M B : Il est indéniable qu’il y un aspect de statut social. Avoir un chien de race qu’on a payé cher pose son propriétaire. C’est le cas en ville, à Denpasar, à Badung, mais de retour au kampung, ce n’est pas le cas, on se contentera d’un chien du cru. En ce moment, avec la mode du bulldog anglais, les prix s’envolent. Certains spécimens avec une certaine combinaison de couleurs de fourrure peuvent se négocier entre 150 et 200 millions de roupies. De l’autre côté, un golden retriever ne coûte qu’entre 1,5 et 3 millions.

LGdB : Est-il pertinent d’avoir un golden retriever à Bali ?
M B : C’est un chien qui coûte cher en soin, qui mange beaucoup. Et qui a besoin de se dépenser. C’est donc un chien encombrant qui a besoin d’espace. C’est une misère de les voir en cage comme c’est souvent le cas ici.

LGdB : Y a-t-il des espèces à éviter quand on est en Indonésie ?
M B : Oui, je dirais les chiens de traineaux et justement ces bulldogs qui ont la côte en ce moment, ils ont trop chaud ici. Les bulldogs ont des problèmes respiratoires sous les tropiques, il n’est pas rare d’en voir décéder à cause de cela. Ou à cause d’une insolation.

LGdB : Quels sont les prix du marché des chats ?
M B : Le plus cher, c’est le bengal, entre 15 et 25 millions de roupies. L’angora, entre 5 et 10 millions. Le persan, entre 1,5 et 5 millions. Enfin, le siamois, entre 3 et 10 millions.
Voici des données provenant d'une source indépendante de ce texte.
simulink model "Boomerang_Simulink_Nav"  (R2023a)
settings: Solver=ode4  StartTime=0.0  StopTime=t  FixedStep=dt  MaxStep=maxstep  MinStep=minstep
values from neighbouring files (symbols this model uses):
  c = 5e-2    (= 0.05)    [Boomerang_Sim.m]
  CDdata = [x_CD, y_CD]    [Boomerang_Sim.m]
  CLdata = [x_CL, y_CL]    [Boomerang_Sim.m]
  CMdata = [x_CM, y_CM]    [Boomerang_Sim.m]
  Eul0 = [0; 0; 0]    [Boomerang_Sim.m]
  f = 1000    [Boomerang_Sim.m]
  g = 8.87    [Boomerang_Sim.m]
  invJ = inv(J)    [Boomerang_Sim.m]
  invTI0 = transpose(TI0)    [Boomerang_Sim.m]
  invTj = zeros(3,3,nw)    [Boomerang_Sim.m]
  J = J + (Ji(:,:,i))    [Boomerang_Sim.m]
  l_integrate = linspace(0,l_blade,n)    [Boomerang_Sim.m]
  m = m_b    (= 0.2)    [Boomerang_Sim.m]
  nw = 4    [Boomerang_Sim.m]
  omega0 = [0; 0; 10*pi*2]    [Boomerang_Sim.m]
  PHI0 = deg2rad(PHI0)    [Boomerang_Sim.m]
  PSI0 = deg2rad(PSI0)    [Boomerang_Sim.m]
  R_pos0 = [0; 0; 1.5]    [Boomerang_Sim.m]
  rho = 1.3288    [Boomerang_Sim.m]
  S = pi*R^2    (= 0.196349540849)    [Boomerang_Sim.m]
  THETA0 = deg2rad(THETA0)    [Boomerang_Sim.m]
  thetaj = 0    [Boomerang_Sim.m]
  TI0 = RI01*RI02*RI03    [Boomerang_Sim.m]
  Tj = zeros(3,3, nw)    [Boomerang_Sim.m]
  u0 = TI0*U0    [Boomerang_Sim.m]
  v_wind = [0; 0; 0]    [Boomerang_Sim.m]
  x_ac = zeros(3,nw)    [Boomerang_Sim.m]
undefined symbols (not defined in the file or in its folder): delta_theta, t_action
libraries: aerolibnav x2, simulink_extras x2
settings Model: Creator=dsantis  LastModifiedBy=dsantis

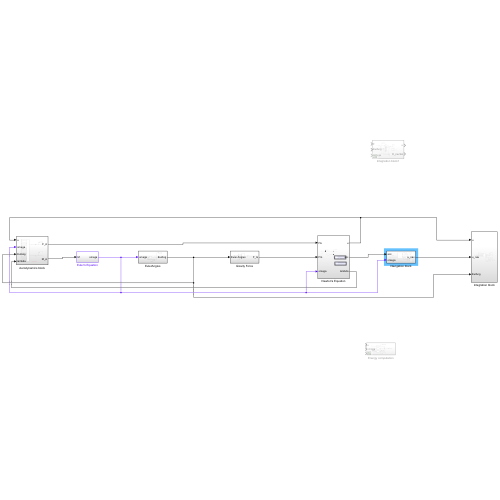
[thumbnail: Simulink's stored preview of the top-level diagram]
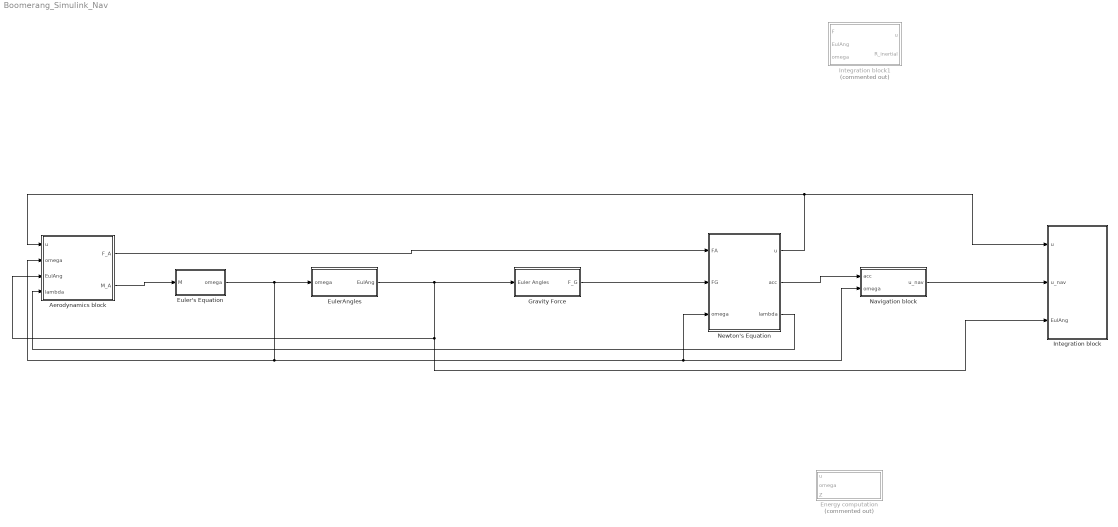
== system Boomerang_Simulink_Nav ==
  Aerodynamics block : Subsystem
  Energy computation : Subsystem  Commented=on
  Euler's Equation : Subsystem
  EulerAngles : Subsystem
  Gravity Force : Subsystem
  Integration block : Subsystem
  Integration block1 : Subsystem  Commented=on
  Navigation block : Subsystem
  Newton's Equation : Subsystem
  wires:
  Euler's Equation/1(omega) -> EulerAngles/1(omega), Aerodynamics block/2(omega), Newton's Equation/3(omega), Navigation block/2(omega)
  Newton's Equation/1(u) -> Aerodynamics block/1(u), Integration block/1(u)
  Gravity Force/1(F_G) -> Newton's Equation/2(FG)
  Aerodynamics block/2(M_A) -> Euler's Equation/1(M)
  EulerAngles/1(EulAng) -> Aerodynamics block/3(EulAng), Integration block/3(EulAng), Gravity Force/1(Euler Angles)
  Aerodynamics block/1(F_A) -> Newton's Equation/1(FA)
  Navigation block/1(u_nav) -> Integration block/2(u_nav)
  Newton's Equation/2(acc) -> Navigation block/1(acc)
  Newton's Equation/3(lambda) -> Aerodynamics block/4(lambda)

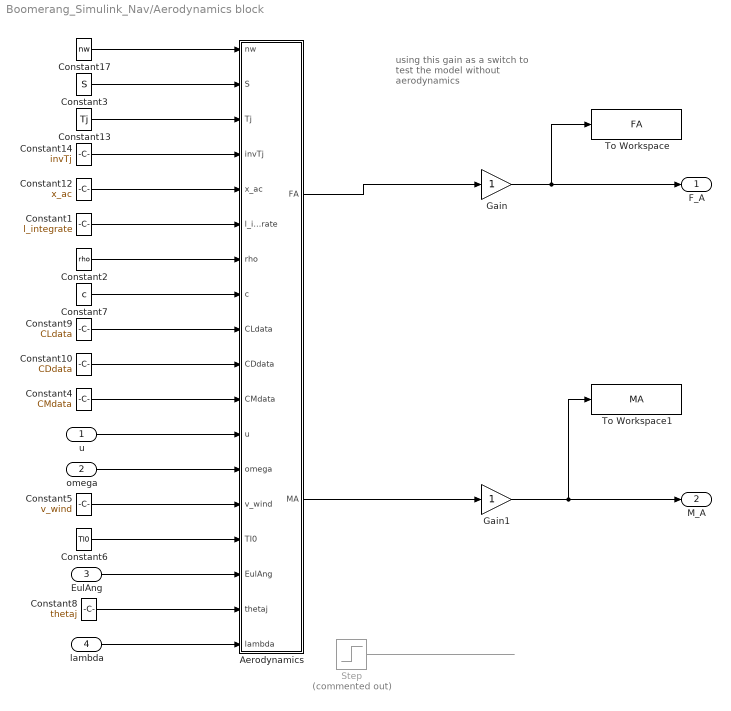
== system Boomerang_Simulink_Nav/Aerodynamics block ==
  note: using this gain as a switch
      | to test the model without aerodynamics
  u : Inport
  omega : Inport  Port=2
  EulAng : Inport  Port=3
  lambda : Inport  Port=4
  Aerodynamics : MATLAB Function  TreatAsAtomicUnit=on
  Constant1 : Constant  Value=l_integrate
  Constant10 : Constant  Value=CDdata
  Constant12 : Constant  Value=x_ac
  Constant13 : Constant  Value=Tj
  Constant14 : Constant  Value=invTj
  Constant17 : Constant  Value=nw
  Constant2 : Constant  Value=rho
  Constant3 : Constant  Value=S
  Constant4 : Constant  Value=CMdata
  Constant5 : Constant  Value=v_wind
  Constant6 : Constant  Value=TI0
  Constant7 : Constant  Value=c
  Constant8 : Constant  Value=thetaj
  Constant9 : Constant  Value=CLdata
  Gain : Gain
  Gain1 : Gain
  Step : Step  Commented=on  Time=t_action  After=delta_theta  SampleTime=0  VectorParams1D=off
  To Workspace : ToWorkspace  VariableName=FA  SampleTime=-1
  To Workspace1 : ToWorkspace  VariableName=MA  SampleTime=-1
  F_A : Outport
  M_A : Outport  Port=2
  wires:
  u/1 -> Aerodynamics/12(u)
  Constant2/1 -> Aerodynamics/7(rho)
  Constant9/1 -> Aerodynamics/9(CLdata)
  Constant10/1 -> Aerodynamics/10(CDdata)
  Constant1/1 -> Aerodynamics/6(l_integrate)
  Constant7/1 -> Aerodynamics/8(c)
  omega/1 -> Aerodynamics/13(omega)
  Constant12/1 -> Aerodynamics/5(x_ac)
  Constant14/1 -> Aerodynamics/4(invTj)
  Constant13/1 -> Aerodynamics/3(Tj)
  Aerodynamics/1(FA) -> Gain/1
  Constant17/1 -> Aerodynamics/1(nw)
  Constant3/1 -> Aerodynamics/2(S)
  Gain/1 -> To Workspace/1, F_A/1
  Constant4/1 -> Aerodynamics/11(CMdata)
  Step/1 -> ?
  Aerodynamics/2(MA) -> Gain1/1
  Constant5/1 -> Aerodynamics/14(v_wind)
  Constant6/1 -> Aerodynamics/15(TI0)
  EulAng/1 -> Aerodynamics/16(EulAng)
  Constant8/1 -> Aerodynamics/17(thetaj)
  lambda/1 -> Aerodynamics/18(lambda)
  Gain1/1 -> To Workspace1/1, M_A/1

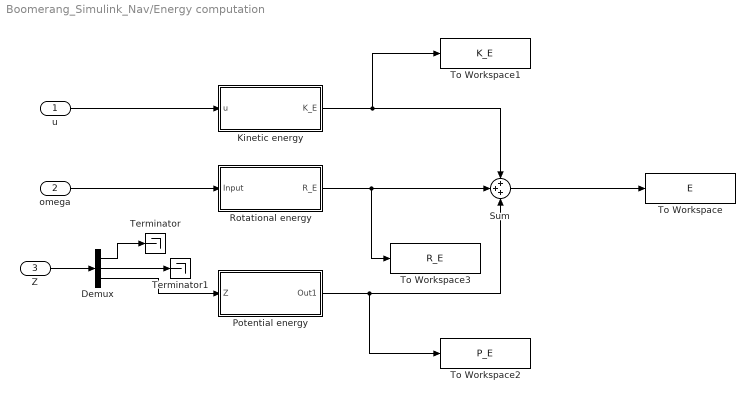
== system Boomerang_Simulink_Nav/Energy computation ==
  u : Inport
  omega : Inport  Port=2
  Z : Inport  Port=3
  Demux : Demux  Outputs=3
  Kinetic energy : Subsystem
  Potential energy : Subsystem
  Rotational energy : Subsystem
  Sum : Sum  Inputs=+++
  Terminator : Terminator
  Terminator1 : Terminator
  To Workspace : ToWorkspace  VariableName=E  SaveFormat=Timeseries  SampleTime=-1
  To Workspace1 : ToWorkspace  VariableName=K_E  SaveFormat=Timeseries  SampleTime=-1
  To Workspace2 : ToWorkspace  VariableName=P_E  SaveFormat=Timeseries  SampleTime=-1
  To Workspace3 : ToWorkspace  VariableName=R_E  SaveFormat=Timeseries  SampleTime=-1
  wires:
  u/1 -> Kinetic energy/1(u)
  omega/1 -> Rotational energy/1(Input)
  Z/1 -> Demux/1
  Demux/3 -> Potential energy/1(Z)
  Demux/1 -> Terminator/1
  Demux/2 -> Terminator1/1
  Kinetic energy/1(K_E) -> To Workspace1/1, Sum/1
  Rotational energy/1(R_E) -> To Workspace3/1, Sum/2
  Potential energy/1(Out1) -> To Workspace2/1, Sum/3
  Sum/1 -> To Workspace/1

LGdB : Quels conseils de nutrition donnez-vous ?
M B : Peu de sel et sucre. Peu de carbohydrates. Avec tous ces pet shops partout aujourd’hui, ce n’est pas difficile de choisir une bonne alimentation.

LGdB : Et pour conclure, quels animaux avez-vous vous-même ?
M B : Eh bien, la quarantaine de chiens abandonnés que je vais placer dans mon refuge en juin. Ainsi que deux dobermans, 1 chihuahua, 1 chat… Ah oui, 6 autres chiens de petites races diverses. Et j’oubliais : 1 cheval…

Interview par Eric Buvelot

Clinique Made Budiana, Jl. Kerta Dalem Sari III/4, Sidakarya, Denpasar.